Segment Start: Dataset records

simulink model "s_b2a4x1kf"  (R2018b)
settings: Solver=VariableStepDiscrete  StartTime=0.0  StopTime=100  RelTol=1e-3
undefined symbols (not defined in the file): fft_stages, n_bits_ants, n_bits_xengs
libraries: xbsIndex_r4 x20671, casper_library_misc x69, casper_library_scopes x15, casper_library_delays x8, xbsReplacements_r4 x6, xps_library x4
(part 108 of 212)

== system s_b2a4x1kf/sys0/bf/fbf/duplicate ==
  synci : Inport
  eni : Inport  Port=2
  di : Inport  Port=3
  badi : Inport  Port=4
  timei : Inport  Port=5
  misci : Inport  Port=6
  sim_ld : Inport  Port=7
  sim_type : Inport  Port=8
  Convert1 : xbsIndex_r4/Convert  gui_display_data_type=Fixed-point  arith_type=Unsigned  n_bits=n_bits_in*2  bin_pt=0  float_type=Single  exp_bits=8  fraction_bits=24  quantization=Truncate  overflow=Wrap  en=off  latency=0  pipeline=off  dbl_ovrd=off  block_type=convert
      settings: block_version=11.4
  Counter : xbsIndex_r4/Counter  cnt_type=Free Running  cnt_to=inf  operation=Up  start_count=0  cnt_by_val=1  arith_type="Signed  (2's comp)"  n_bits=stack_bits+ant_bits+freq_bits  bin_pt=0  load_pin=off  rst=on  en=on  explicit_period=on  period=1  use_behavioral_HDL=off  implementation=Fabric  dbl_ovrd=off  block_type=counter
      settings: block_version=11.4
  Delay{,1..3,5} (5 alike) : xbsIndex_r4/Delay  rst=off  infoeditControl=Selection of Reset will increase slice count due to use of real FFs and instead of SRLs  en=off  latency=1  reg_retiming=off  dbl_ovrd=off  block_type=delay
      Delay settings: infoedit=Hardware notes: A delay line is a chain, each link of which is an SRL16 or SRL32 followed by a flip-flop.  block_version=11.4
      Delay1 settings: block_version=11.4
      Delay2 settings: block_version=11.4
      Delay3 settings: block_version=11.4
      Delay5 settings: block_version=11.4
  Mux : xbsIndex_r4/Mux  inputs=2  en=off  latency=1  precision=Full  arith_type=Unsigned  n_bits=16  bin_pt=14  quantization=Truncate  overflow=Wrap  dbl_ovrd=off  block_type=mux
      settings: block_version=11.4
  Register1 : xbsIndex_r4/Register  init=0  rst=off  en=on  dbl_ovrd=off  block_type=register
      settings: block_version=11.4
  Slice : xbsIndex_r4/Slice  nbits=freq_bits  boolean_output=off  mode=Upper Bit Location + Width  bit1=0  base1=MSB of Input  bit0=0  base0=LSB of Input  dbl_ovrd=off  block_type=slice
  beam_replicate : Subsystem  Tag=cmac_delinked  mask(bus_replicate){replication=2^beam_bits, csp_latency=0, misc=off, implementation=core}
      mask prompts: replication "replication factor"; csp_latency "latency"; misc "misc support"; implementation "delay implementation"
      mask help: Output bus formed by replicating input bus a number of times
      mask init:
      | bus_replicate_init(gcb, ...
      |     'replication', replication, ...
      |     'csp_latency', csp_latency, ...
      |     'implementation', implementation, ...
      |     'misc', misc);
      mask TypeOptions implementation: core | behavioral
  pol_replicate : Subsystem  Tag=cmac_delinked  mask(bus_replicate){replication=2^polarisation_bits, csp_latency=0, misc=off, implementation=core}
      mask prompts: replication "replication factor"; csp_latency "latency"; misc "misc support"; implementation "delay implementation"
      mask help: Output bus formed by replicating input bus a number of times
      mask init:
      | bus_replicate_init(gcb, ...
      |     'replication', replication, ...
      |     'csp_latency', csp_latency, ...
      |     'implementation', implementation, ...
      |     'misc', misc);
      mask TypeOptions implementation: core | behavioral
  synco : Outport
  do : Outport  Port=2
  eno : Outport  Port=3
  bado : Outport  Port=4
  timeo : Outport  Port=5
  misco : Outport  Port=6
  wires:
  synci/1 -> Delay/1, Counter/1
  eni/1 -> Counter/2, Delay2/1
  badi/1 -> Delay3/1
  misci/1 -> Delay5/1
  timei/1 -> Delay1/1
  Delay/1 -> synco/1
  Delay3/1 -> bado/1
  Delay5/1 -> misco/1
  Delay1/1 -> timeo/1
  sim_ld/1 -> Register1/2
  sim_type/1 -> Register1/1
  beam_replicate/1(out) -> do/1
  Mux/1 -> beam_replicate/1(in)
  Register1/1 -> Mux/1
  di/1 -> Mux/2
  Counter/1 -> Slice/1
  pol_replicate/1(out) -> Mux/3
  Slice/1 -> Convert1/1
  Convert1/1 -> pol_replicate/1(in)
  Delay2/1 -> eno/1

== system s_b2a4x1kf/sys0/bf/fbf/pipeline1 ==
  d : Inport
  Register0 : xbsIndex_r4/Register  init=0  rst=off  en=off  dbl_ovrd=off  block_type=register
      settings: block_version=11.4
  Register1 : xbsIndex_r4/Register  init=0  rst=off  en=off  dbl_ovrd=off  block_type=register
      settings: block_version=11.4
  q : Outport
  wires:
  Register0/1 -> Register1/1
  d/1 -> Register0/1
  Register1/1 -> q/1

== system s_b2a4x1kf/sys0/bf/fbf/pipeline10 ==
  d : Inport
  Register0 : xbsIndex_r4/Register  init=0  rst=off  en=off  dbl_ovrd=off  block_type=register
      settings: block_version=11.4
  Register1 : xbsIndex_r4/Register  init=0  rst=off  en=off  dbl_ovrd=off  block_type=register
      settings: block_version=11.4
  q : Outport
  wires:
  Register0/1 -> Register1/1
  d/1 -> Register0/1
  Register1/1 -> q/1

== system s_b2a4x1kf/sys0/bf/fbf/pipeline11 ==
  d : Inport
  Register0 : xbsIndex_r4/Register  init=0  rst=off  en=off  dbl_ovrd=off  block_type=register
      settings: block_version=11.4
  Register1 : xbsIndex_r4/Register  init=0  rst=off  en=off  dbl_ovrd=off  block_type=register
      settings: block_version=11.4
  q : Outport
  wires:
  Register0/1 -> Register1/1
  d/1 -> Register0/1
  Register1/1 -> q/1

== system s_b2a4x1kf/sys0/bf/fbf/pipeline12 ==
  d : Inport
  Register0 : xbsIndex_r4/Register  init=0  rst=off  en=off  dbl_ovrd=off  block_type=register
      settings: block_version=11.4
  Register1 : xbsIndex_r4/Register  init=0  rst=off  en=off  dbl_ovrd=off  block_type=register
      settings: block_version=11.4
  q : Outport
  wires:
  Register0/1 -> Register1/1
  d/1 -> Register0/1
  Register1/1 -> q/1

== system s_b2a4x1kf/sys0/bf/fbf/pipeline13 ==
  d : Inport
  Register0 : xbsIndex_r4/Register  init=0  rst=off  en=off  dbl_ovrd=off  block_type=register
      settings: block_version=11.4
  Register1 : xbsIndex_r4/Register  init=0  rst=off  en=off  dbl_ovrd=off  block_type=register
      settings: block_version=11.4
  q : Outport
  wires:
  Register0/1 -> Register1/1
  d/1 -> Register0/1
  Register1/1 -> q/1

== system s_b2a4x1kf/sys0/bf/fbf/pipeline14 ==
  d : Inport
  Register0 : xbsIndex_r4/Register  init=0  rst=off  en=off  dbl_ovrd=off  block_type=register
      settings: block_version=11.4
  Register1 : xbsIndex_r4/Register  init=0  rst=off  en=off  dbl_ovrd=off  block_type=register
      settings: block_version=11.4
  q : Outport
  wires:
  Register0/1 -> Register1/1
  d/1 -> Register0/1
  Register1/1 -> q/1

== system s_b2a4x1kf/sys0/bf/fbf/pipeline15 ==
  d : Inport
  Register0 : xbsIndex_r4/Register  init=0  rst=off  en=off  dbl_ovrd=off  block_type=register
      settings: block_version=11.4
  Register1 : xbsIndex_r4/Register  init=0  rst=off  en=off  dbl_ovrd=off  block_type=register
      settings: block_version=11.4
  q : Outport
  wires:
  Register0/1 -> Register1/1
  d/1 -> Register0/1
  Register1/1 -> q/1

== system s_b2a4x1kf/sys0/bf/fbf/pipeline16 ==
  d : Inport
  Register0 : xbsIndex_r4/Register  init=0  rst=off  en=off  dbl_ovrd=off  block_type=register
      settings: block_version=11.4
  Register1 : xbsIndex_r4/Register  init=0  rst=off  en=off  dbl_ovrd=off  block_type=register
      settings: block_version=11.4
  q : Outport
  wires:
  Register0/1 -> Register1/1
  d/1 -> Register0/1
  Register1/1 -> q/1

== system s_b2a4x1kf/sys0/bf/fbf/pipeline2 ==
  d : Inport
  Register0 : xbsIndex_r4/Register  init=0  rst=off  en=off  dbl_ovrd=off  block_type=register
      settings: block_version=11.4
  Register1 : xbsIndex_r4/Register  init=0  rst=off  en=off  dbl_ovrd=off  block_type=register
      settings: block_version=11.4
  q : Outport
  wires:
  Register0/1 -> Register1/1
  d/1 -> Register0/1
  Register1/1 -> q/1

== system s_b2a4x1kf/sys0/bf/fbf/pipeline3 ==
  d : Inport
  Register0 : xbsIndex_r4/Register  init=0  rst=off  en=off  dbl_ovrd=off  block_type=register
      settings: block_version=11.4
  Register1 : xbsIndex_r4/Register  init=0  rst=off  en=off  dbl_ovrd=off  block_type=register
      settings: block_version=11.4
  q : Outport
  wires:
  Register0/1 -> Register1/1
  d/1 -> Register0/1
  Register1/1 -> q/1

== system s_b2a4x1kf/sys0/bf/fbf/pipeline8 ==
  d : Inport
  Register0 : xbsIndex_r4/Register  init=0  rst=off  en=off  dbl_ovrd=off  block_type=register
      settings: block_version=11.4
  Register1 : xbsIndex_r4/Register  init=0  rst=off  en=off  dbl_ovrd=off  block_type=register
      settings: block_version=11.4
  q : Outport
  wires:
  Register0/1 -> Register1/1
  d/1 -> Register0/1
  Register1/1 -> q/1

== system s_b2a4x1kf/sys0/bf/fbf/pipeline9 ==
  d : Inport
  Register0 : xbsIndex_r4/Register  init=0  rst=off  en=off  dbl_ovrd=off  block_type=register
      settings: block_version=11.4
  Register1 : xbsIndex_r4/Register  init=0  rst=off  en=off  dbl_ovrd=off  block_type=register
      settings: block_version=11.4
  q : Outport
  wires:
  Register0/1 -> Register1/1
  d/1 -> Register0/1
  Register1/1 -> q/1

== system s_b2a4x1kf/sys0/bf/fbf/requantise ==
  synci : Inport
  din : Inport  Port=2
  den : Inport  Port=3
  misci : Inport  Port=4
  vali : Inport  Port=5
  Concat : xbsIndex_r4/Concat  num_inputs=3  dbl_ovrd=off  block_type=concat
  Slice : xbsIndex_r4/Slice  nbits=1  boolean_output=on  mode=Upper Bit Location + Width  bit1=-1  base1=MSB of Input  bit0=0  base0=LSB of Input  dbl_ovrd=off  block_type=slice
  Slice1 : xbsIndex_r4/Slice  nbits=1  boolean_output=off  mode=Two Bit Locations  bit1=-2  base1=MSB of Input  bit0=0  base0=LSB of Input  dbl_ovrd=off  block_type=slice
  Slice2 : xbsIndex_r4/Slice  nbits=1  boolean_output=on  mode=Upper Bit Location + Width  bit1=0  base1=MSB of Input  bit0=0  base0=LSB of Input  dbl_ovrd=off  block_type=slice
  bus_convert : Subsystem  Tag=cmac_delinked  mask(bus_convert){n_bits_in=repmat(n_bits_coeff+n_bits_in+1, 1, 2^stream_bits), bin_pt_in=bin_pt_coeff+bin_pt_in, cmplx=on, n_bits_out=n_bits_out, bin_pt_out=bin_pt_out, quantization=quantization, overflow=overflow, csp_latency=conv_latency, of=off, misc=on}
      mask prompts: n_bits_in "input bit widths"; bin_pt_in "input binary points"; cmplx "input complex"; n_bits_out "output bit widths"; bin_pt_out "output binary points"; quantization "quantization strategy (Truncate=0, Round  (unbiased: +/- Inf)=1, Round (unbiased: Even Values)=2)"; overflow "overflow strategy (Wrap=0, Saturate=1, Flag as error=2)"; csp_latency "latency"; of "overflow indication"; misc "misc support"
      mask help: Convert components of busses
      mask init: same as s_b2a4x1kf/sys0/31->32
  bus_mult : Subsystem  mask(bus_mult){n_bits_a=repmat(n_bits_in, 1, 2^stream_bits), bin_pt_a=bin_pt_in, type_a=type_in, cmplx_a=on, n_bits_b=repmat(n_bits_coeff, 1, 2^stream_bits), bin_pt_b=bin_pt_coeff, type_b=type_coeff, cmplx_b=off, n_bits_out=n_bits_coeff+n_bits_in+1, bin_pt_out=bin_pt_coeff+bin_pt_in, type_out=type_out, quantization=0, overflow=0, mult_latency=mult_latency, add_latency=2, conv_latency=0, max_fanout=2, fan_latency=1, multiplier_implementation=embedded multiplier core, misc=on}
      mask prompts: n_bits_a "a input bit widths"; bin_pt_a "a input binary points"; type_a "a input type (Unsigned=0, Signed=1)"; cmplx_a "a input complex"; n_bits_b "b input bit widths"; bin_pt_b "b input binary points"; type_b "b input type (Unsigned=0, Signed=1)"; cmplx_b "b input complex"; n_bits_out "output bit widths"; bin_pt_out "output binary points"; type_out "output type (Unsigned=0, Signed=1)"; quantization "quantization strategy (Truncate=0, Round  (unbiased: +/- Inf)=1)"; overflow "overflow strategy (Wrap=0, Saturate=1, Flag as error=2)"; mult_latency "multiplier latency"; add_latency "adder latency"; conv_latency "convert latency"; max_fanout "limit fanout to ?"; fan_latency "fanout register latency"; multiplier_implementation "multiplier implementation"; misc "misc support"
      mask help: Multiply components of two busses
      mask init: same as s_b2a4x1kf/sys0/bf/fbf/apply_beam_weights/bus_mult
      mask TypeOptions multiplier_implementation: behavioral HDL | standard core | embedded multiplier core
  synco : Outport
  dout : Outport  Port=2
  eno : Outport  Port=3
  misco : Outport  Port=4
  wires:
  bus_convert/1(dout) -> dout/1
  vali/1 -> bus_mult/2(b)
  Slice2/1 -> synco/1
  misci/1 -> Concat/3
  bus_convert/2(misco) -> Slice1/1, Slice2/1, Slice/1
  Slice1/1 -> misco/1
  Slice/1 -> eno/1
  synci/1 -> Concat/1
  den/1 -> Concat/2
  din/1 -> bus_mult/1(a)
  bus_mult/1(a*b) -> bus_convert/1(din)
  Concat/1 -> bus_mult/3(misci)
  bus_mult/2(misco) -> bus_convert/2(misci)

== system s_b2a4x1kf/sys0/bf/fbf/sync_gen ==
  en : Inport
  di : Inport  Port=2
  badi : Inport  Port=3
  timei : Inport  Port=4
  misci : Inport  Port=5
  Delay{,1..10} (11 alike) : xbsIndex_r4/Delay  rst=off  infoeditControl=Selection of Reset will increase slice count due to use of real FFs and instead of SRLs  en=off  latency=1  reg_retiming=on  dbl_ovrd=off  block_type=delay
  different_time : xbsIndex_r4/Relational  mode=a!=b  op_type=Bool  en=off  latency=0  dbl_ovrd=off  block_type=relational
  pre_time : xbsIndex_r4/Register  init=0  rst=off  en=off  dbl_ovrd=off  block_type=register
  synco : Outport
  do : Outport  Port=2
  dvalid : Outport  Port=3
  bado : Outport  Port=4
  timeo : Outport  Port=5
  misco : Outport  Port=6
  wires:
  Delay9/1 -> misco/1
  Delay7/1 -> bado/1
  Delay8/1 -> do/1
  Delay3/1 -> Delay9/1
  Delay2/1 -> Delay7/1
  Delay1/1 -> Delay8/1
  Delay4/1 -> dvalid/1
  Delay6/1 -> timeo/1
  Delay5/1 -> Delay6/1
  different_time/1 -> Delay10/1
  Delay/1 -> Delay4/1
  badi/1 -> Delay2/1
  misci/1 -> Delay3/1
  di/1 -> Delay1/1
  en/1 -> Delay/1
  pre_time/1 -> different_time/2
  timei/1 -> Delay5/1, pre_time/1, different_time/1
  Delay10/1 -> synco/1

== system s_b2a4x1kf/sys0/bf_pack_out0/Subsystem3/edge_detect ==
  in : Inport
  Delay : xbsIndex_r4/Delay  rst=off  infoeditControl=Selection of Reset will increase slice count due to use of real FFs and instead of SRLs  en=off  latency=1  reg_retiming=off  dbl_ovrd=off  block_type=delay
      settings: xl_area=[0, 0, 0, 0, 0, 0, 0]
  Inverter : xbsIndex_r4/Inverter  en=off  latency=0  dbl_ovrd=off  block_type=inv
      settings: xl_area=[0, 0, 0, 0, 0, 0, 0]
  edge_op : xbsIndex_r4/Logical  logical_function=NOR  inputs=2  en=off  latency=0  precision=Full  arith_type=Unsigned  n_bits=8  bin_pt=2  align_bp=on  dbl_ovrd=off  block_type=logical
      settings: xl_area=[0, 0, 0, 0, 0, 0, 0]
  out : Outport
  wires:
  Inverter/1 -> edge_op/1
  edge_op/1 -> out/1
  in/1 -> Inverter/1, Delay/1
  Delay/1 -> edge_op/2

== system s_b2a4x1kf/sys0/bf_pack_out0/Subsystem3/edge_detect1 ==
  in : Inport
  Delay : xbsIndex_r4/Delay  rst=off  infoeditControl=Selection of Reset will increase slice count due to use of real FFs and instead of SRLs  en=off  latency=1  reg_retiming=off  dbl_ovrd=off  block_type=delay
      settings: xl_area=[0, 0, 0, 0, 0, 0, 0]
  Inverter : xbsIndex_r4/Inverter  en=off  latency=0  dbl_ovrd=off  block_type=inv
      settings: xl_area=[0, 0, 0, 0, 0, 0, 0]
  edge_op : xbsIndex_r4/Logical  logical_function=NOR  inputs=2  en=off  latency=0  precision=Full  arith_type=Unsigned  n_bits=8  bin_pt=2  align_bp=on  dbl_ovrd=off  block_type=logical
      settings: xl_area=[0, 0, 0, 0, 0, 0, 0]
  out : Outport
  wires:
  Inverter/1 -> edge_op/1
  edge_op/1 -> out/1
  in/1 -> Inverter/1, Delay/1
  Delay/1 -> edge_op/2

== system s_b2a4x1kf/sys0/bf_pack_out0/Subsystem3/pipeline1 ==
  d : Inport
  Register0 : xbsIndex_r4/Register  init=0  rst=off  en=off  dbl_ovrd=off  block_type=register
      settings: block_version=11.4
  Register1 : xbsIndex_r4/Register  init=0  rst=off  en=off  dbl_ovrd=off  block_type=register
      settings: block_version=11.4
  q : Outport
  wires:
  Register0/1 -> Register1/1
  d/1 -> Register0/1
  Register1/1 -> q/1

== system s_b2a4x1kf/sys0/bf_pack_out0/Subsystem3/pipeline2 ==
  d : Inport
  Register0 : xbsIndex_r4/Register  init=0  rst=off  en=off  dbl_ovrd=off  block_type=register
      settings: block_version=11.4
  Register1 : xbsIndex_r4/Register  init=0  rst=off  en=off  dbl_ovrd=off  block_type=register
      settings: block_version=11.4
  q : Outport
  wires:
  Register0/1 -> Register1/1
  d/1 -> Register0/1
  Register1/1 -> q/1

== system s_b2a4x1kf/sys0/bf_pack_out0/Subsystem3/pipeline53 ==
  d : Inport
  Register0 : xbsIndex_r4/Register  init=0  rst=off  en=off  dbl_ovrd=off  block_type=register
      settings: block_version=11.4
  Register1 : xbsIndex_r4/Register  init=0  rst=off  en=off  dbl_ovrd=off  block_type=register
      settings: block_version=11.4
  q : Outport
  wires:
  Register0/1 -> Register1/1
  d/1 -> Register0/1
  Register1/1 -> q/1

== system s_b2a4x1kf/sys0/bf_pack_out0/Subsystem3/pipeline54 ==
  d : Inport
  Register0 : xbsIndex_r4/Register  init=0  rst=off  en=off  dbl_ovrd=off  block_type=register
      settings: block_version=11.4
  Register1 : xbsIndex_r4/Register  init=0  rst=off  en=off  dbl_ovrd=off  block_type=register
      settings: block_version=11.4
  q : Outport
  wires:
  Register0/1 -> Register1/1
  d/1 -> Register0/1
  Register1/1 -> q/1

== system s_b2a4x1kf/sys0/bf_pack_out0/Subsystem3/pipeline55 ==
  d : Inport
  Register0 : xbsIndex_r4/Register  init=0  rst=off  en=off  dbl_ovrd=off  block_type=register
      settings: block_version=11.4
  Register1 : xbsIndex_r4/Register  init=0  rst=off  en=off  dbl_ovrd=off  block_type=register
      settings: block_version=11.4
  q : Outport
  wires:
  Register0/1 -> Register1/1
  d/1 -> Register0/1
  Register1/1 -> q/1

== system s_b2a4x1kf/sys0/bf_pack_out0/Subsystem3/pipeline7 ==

Segment End: Dataset records

**What you will do**
Search the data above for the string "components" and report each line that holds it.

**Solution**
      mask help: Convert components of busses
      mask help: Multiply components of two busses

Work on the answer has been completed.